State v. Lozier, 101 Ohio St.3d 161 (Ohio 3/3/2004)

Decision Date03 March 2004
Docket NumberNo. 2002-0900.,2002-0900.
Citation101 Ohio St.3d 161,2004 Ohio 732
PartiesThe State of Ohio, Appellant, v. Lozier, Appellee.
CourtOhio Supreme Court

Robert D. Rinfret, Holmes County Prosecuting Attorney, and Jeffrey A. Mullen, Assistant Prosecuting Attorney, for appellant.

J. Dean Carro, for appellee.

Jim Petro, Attorney General, Douglas R. Cole, State Solicitor, and Rebecca L. Thomas, Assistant Solicitor, urging reversal for amicus curiae Ohio Attorney General.

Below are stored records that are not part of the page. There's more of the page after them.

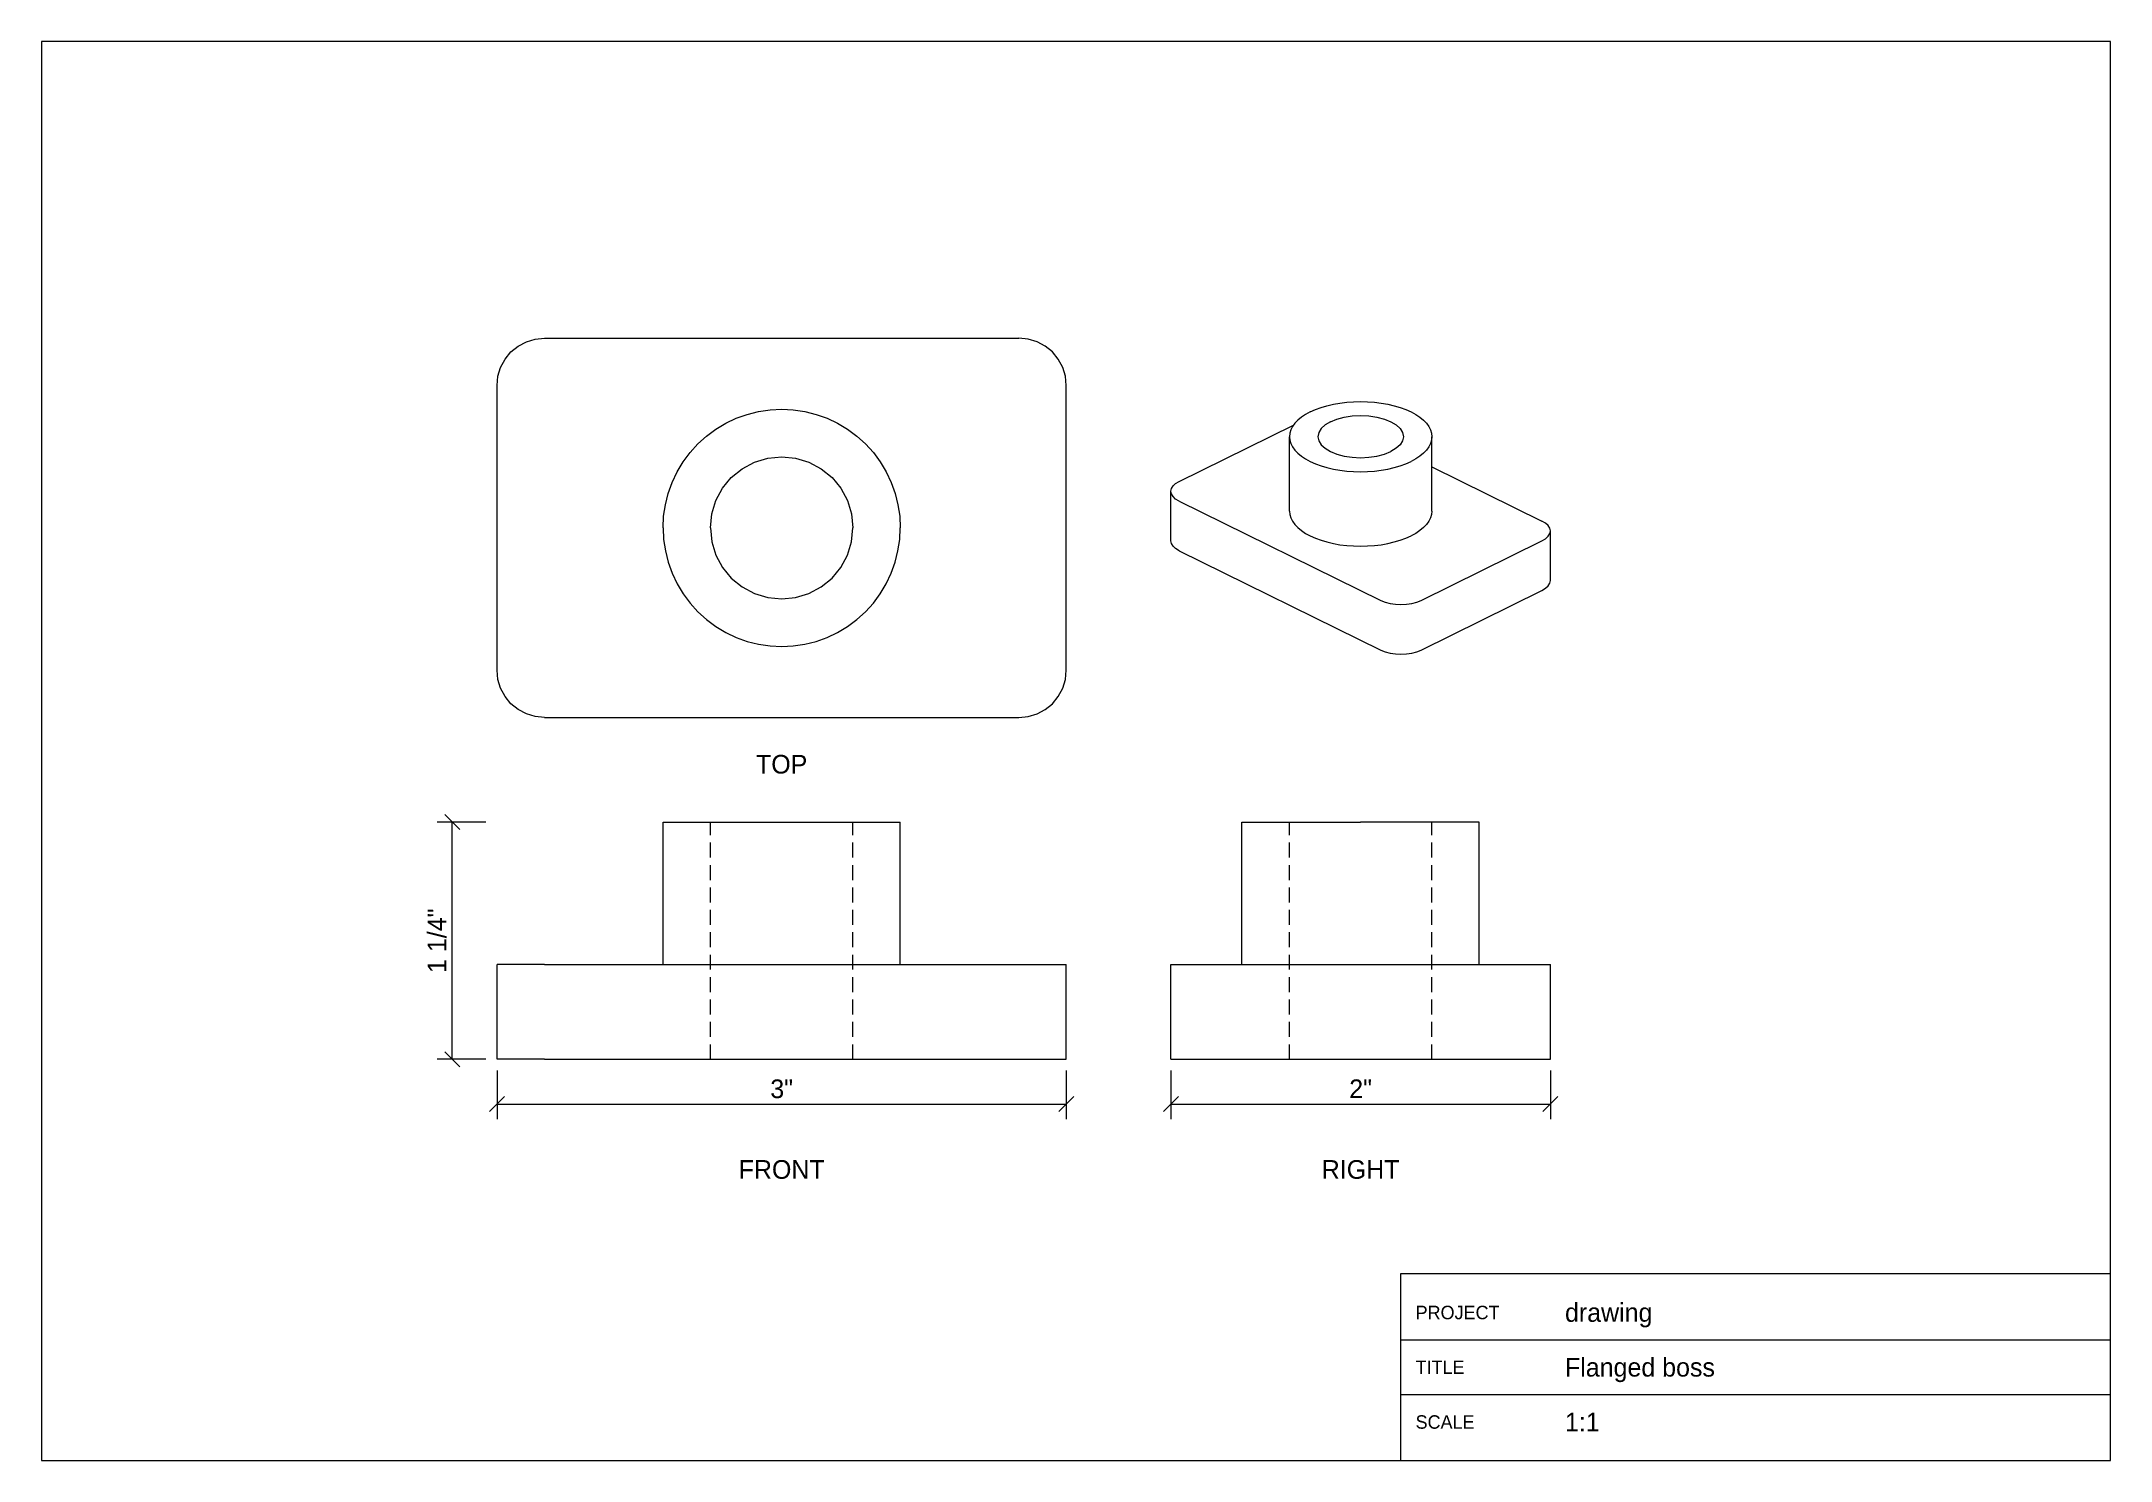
# Model space of a CAD drawing. Header units: millimetres. Extents: x 10 to 287, y 10 to 200.
import ezdxf
from ezdxf.enums import TextEntityAlignment as Align

# ---------------------------------------------------------------- set-up
doc = ezdxf.new("R2010")
doc.units = ezdxf.units.MM
doc.linetypes.add('HIDDEN', pattern=[3, 2, -1])
for name, color, linetype, lineweight in [('A-ANNO-DIMS', 7, 'CONTINUOUS', 0), ('A-ANNO-TEXT', 7, 'CONTINUOUS', 0), ('G-ANNO-TTLB', 7, 'CONTINUOUS', 0), ('M-VIEW', 7, 'CONTINUOUS', 0), ('M-VIEW-HIDD', 8, 'HIDDEN', 0)]:
    doc.layers.add(name, color=color, linetype=linetype, lineweight=lineweight)

msp = doc.modelspace()

# ---------------------------------------------------------------- linework, layer by layer
at = {"layer": 'A-ANNO-DIMS', "lineweight": 0}
for p, q in [((69.5, 95.48), (63, 95.48)), ((64, 96.48), (66, 94.48)), ((65, 63.73), (65, 95.48)), ((69.5, 63.73), (63, 63.73)), ((66, 62.73), (64, 64.73)), ((71, 62.23), (71, 55.73)), ((147.2, 62.23), (147.2, 55.73)), ((161.2, 62.23), (161.2, 55.73)), ((212, 62.23), (212, 55.73)), ((70, 56.73), (72, 58.73)), ((148.2, 58.73), (146.2, 56.73)), ((160.2, 56.73), (162.2, 58.73)), ((213, 58.73), (211, 56.73)), ((71, 57.73), (147.2, 57.73)), ((161.2, 57.73), (212, 57.73))]:
    msp.add_line(p, q, dxfattribs=at)
at = {"layer": 'G-ANNO-TTLB', "lineweight": 0}
for p, q in [((191.96, 26.17), (287, 26.17)), ((191.96, 18.83), (287, 18.83))]:
    msp.add_line(p, q, dxfattribs=at)
for points in [[(10, 10), (287, 10), (287, 200), (10, 200)], [(191.96, 10), (287, 10), (287, 35), (191.96, 35)]]:
    msp.add_lwpolyline(points, close=True, dxfattribs=at)
at = {"layer": 'M-VIEW', "lineweight": 0}
for p, q in [((77.35, 160.27), (140.85, 160.27)), ((71, 115.83), (71, 153.92)), ((147.2, 115.83), (147.2, 153.92)), ((162.32, 141.1), (177.61, 148.63)), ((177.06, 137.12), (177.06, 147.08)), ((196.14, 137.12), (196.14, 147.08)), ((196.14, 143.05), (210.88, 135.79)), ((161.2, 133.13), (161.2, 139.78)), ((162.32, 138.45), (189.3, 125.16)), ((194.69, 125.16), (210.88, 133.13)), ((212, 127.82), (212, 134.46)), ((162.32, 131.81), (189.3, 118.52)), ((194.69, 118.52), (210.88, 126.49)), ((77.35, 109.48), (140.85, 109.48)), ((93.23, 76.43), (93.23, 95.48)), ((93.23, 95.48), (124.98, 95.48)), ((124.98, 76.43), (124.98, 95.48)), ((170.72, 76.43), (170.72, 95.48)), ((170.72, 95.48), (186.6, 95.48)), ((202.47, 95.48), (186.6, 95.48)), ((202.47, 76.43), (202.47, 95.48)), ((71, 63.73), (71, 76.43)), ((77.35, 76.43), (71, 76.43)), ((77.35, 76.43), (140.85, 76.43)), ((140.85, 76.43), (147.2, 76.43)), ((147.2, 63.73), (147.2, 76.43)), ((161.2, 63.73), (161.2, 76.43)), ((161.2, 76.43), (167.55, 76.43)), ((167.55, 76.43), (205.65, 76.43)), ((205.65, 76.43), (212, 76.43)), ((212, 63.73), (212, 76.43)), ((77.35, 63.73), (71, 63.73)), ((77.35, 63.73), (140.85, 63.73)), ((140.85, 63.73), (147.2, 63.73)), ((161.2, 63.73), (167.55, 63.73)), ((167.55, 63.73), (205.65, 63.73)), ((205.65, 63.73), (212, 63.73))]:
    msp.add_line(p, q, dxfattribs=at)
for points in [[(71, 153.92), (71.12, 155.16), (71.48, 156.36), (72.07, 157.45), (72.86, 158.42), (73.82, 159.2), (74.92, 159.79), (76.11, 160.15), (77.35, 160.27)], [(147.2, 153.92), (147.08, 155.16), (146.72, 156.36), (146.13, 157.45), (145.34, 158.42), (144.38, 159.2), (143.28, 159.79), (142.09, 160.15), (140.85, 160.27)], [(93.23, 134.88), (93.3, 136.43), (93.53, 137.97), (93.91, 139.48), (94.43, 140.95), (95.1, 142.36), (95.9, 143.69), (96.83, 144.95), (97.87, 146.1), (99.03, 147.15), (100.28, 148.07), (101.62, 148.88), (103.02, 149.54), (104.49, 150.07), (106, 150.44), (107.54, 150.67), (109.1, 150.75), (110.66, 150.67), (112.2, 150.44), (113.71, 150.07), (115.18, 149.54), (116.58, 148.88), (117.92, 148.07), (119.17, 147.15), (120.33, 146.1), (121.37, 144.95), (122.3, 143.69), (123.1, 142.36), (123.77, 140.95), (124.29, 139.48), (124.67, 137.97), (124.9, 136.43), (124.98, 134.88)], [(179.85, 150.4), (179.23, 150.06), (178.67, 149.69), (178.19, 149.3), (177.79, 148.88), (177.47, 148.45), (177.24, 148), (177.11, 147.54), (177.06, 147.08), (177.11, 146.62), (177.24, 146.17), (177.47, 145.72), (177.79, 145.29), (178.19, 144.87), (178.67, 144.47), (179.23, 144.1), (179.85, 143.76), (180.55, 143.45), (181.3, 143.18), (182.1, 142.94), (182.95, 142.74), (183.83, 142.59), (184.74, 142.48), (185.67, 142.41), (186.6, 142.39), (187.53, 142.41), (188.46, 142.48), (189.37, 142.59), (190.25, 142.74), (191.1, 142.94), (191.9, 143.18), (192.65, 143.45), (193.35, 143.76)], [(179.85, 150.4), (180.55, 150.71), (181.3, 150.99), (182.1, 151.22), (182.95, 151.42), (183.83, 151.58), (184.74, 151.69), (185.67, 151.76), (186.6, 151.78), (187.53, 151.76), (188.46, 151.69), (189.37, 151.58), (190.25, 151.42), (191.1, 151.22), (191.9, 150.99), (192.65, 150.71), (193.35, 150.4), (193.97, 150.06), (194.53, 149.69), (195.01, 149.3), (195.41, 148.88), (195.73, 148.45), (195.96, 148), (196.09, 147.54), (196.14, 147.08), (196.09, 146.62), (195.96, 146.17), (195.73, 145.72), (195.41, 145.29), (195.01, 144.87), (194.53, 144.47), (193.97, 144.1), (193.35, 143.76)], [(182.55, 149.08), (183.42, 149.43), (184.41, 149.69), (185.48, 149.85), (186.6, 149.9), (187.72, 149.85), (188.79, 149.69), (189.78, 149.43), (190.65, 149.08), (191.36, 148.65), (191.89, 148.16), (192.21, 147.63), (192.32, 147.08), (192.21, 146.53), (191.89, 146), (191.36, 145.52), (190.65, 145.09)], [(182.55, 149.08), (181.84, 148.65), (181.31, 148.16), (180.99, 147.63), (180.88, 147.08), (180.99, 146.53), (181.31, 146), (181.84, 145.52), (182.55, 145.09), (183.42, 144.74), (184.41, 144.48), (185.48, 144.32), (186.6, 144.26), (187.72, 144.32), (188.79, 144.48), (189.78, 144.74), (190.65, 145.09)], [(99.58, 134.88), (99.76, 136.73), (100.3, 138.52), (101.18, 140.17), (102.36, 141.61), (103.81, 142.79), (105.45, 143.67), (107.24, 144.22), (109.1, 144.4), (110.96, 144.22), (112.75, 143.67), (114.39, 142.79), (115.84, 141.61), (117.02, 140.17), (117.9, 138.52), (118.44, 136.73), (118.62, 134.88)], [(162.32, 138.45), (161.84, 138.73), (161.49, 139.06), (161.27, 139.41), (161.2, 139.78), (161.27, 140.14), (161.49, 140.49), (161.84, 140.82), (162.32, 141.1)], [(177.06, 137.12), (177.11, 136.66), (177.24, 136.2), (177.47, 135.76), (177.79, 135.32), (178.19, 134.91), (178.67, 134.51), (179.23, 134.14), (179.85, 133.8), (180.55, 133.49), (181.3, 133.21), (182.1, 132.98), (182.95, 132.78), (183.83, 132.62), (184.74, 132.51), (185.67, 132.45), (186.6, 132.42), (187.53, 132.45), (188.46, 132.51), (189.37, 132.62), (190.25, 132.78), (191.1, 132.98), (191.9, 133.21), (192.65, 133.49), (193.35, 133.8)], [(196.14, 137.12), (196.09, 136.66), (195.96, 136.2), (195.73, 135.76), (195.41, 135.32), (195.01, 134.91), (194.53, 134.51), (193.97, 134.14), (193.35, 133.8)], [(210.88, 133.13), (211.36, 133.42), (211.71, 133.74), (211.93, 134.1), (212, 134.46), (211.93, 134.83), (211.71, 135.18), (211.36, 135.51), (210.88, 135.79)], [(93.23, 134.88), (93.3, 133.32), (93.53, 131.78), (93.91, 130.27), (94.43, 128.8), (95.1, 127.39), (95.9, 126.06), (96.83, 124.8), (97.87, 123.65), (99.03, 122.6), (100.28, 121.68), (101.62, 120.87), (103.02, 120.21), (104.49, 119.68), (106, 119.31), (107.54, 119.08), (109.1, 119), (110.66, 119.08), (112.2, 119.31), (113.71, 119.68), (115.18, 120.21), (116.58, 120.87), (117.92, 121.68), (119.17, 122.6), (120.33, 123.65), (121.37, 124.8), (122.3, 126.06), (123.1, 127.39), (123.77, 128.8), (124.29, 130.27), (124.67, 131.78), (124.9, 133.32), (124.98, 134.88)], [(99.58, 134.88), (99.76, 133.02), (100.3, 131.23), (101.18, 129.58), (102.36, 128.14), (103.81, 126.96), (105.45, 126.08), (107.24, 125.53), (109.1, 125.35), (110.96, 125.53), (112.75, 126.08), (114.39, 126.96), (115.84, 128.14), (117.02, 129.58), (117.9, 131.23), (118.44, 133.02), (118.62, 134.88)], [(162.32, 131.81), (161.84, 132.09), (161.49, 132.41), (161.27, 132.77), (161.2, 133.13), (161.2, 133.14)], [(210.88, 126.49), (211.36, 126.78), (211.71, 127.1), (211.93, 127.45), (212, 127.82), (212, 127.82)], [(189.3, 125.16), (189.88, 124.93), (190.54, 124.76), (191.25, 124.65), (192, 124.61), (192.74, 124.65), (193.46, 124.76), (194.12, 124.93), (194.69, 125.16)], [(189.3, 118.52), (189.88, 118.29), (190.54, 118.11), (191.25, 118.01), (192, 117.97), (192.74, 118.01), (193.46, 118.11), (194.12, 118.29), (194.69, 118.52)], [(77.35, 109.48), (76.11, 109.6), (74.92, 109.96), (73.82, 110.55), (72.86, 111.33), (72.07, 112.3), (71.48, 113.39), (71.12, 114.59), (71, 115.83)], [(140.85, 109.48), (142.09, 109.6), (143.28, 109.96), (144.38, 110.55), (145.34, 111.33), (146.13, 112.3), (146.72, 113.39), (147.08, 114.59), (147.2, 115.83)]]:
    msp.add_lwpolyline(points, dxfattribs=at)
at = {"layer": 'M-VIEW-HIDD', "lineweight": 0}
for p, q in [((99.58, 63.73), (99.58, 95.48)), ((118.62, 63.73), (118.62, 95.48)), ((177.07, 63.73), (177.07, 95.48)), ((196.12, 63.73), (196.12, 95.48))]:
    msp.add_line(p, q, dxfattribs=at)

# ---------------------------------------------------------------- texts
at = {"layer": 'A-ANNO-DIMS', "lineweight": 0}
msp.add_text('1 1/4"', height=2.5, rotation=90, dxfattribs=at).set_placement((62.95, 79.6), align=Align.MIDDLE_CENTER)
for s, p in [('3"', (109.1, 59.78)), ('2"', (186.6, 59.78))]:
    msp.add_text(s, height=2.5, dxfattribs=at).set_placement(p, align=Align.MIDDLE_CENTER)
at = {"layer": 'A-ANNO-TEXT', "lineweight": 0}
for s, p in [('TOP', (109.1, 104.48)), ('FRONT', (109.1, 50.23)), ('RIGHT', (186.6, 50.23))]:
    msp.add_text(s, height=2.5, dxfattribs=at).set_placement(p, align=Align.TOP_CENTER)
for s, height, p in [('PROJECT', 1.8, (193.96, 29.83)), ('drawing', 2.5, (213.96, 29.83)), ('TITLE', 1.8, (193.96, 22.5)), ('Flanged boss', 2.5, (213.96, 22.5)), ('SCALE', 1.8, (193.96, 15.17)), ('1:1', 2.5, (213.96, 15.17))]:
    msp.add_text(s, height=height, dxfattribs=at).set_placement(p, align=Align.MIDDLE_LEFT)

doc.saveas('drawing.dxf')

David H. Bodiker, Ohio Public Defender, and Stephen P. Hardwick, Assistant Public Defender, urging affirmance for amicus curiae Ohio Public Defender.

PFEIFER, J.

Factual and Procedural Background

{¶1} On February 14, 2001, the Holmes County Grand Jury indicted defendant-appellee, Chad A. Lozier, for trafficking in drugs in violation of 2925.03(A). All five counts against appellee contained a specification that appellee sold drugs within the vicinity of a school, which enhances the penalty under R.C. 2925.03(C)(5)(b). Count 4 was eventually dismissed. Appellee withdrew his initial plea of not guilty and entered pleas of no contest to the remaining counts.

{¶2} The sales at issue occurred at appellee's former home, which is located approximately 745 feet from the Holmes County Job and Family Services building. That building housed, on its third floor, a remedial education program known as "Project Stay." The state stipulated that it had no evidence that appellee knew of the existence of Project Stay and that there was nothing to mark it or to identify it as a school to the public.

{¶3} The trial court ruled that Project Stay was, in fact, a school. The court also ruled that whether appellee knew that he was selling drugs in the vicinity of the school was irrelevant, since the specification for trafficking within the vicinity of a school is written in terms of strict liability. Appellee was convicted on four counts of trafficking with the sentence-enhancement specifications.

{¶4} Appellee appealed from his convictions to the Fifth District Court of Appeals, arguing that the trial court had erred in finding that R.C. 2925.03(C)(5)(b) imposes strict liability. The appellate court agreed and reversed the judgment of the trial court, concluding that the culpable mental state associated with R.C. 2925.03(C)(5)(b) is "knowingly."

{¶5} Upon the state's motion, the court of appeals certified a conflict between its holding and the holding of the Ninth District in State v. Rogers (Apr. 14, 1999), Summit App. No. 19176, 1999 WL 239100. In its motion to certify a conflict in the court of appeals, the state argued that "the issue proposed for certification is whether [R.C.] 2925.03(C)(5)(b) is a strict liability statute." Despite its holding that "knowingly" is the culpable mental state for R.C. 2925.03(C)(5)(b), the court of appeals phrased the certified question in terms of recklessness: "Whether the culpable mental state of recklessness applies to R.C. 2925.03(C)(5)(b)?"

{¶6} Recognizing a conflict between appellate districts, this court granted jurisdiction and ordered briefing on that issue. 96 Ohio St.3d 1446, 2002-Ohio-3512, 771 N.E.2d 260.

Law and Analysis

{¶7} The sole issue raised in this appeal is whether R.C. 2925.03(C)(5)(b), which elevates trafficking in LSD to a fourth degree felony if the offense is committed "in the vicinity of a school," imposes strict criminal liability on a defendant. We make our determination against the backdrop of R.C. 2901.04(A), which states that "sections of the Revised Code defining offenses or penalties shall be strictly construed against the state, and liberally construed in favor of the accused."

{¶8} The case against appellee begins with his violation of R.C. 2925.03(A), which itself requires a mental state of "knowingly":

{¶9} "No person shall knowingly do any of the following:

{¶10} "(1) Sell or offer to sell a controlled substance;

{¶11} "(2) Prepare for shipment, ship, transport, deliver, prepare for distribution, or distribute a controlled substance, when the offender knows or has reasonable cause to believe that the controlled substance is intended for sale or resale by the offender or another person."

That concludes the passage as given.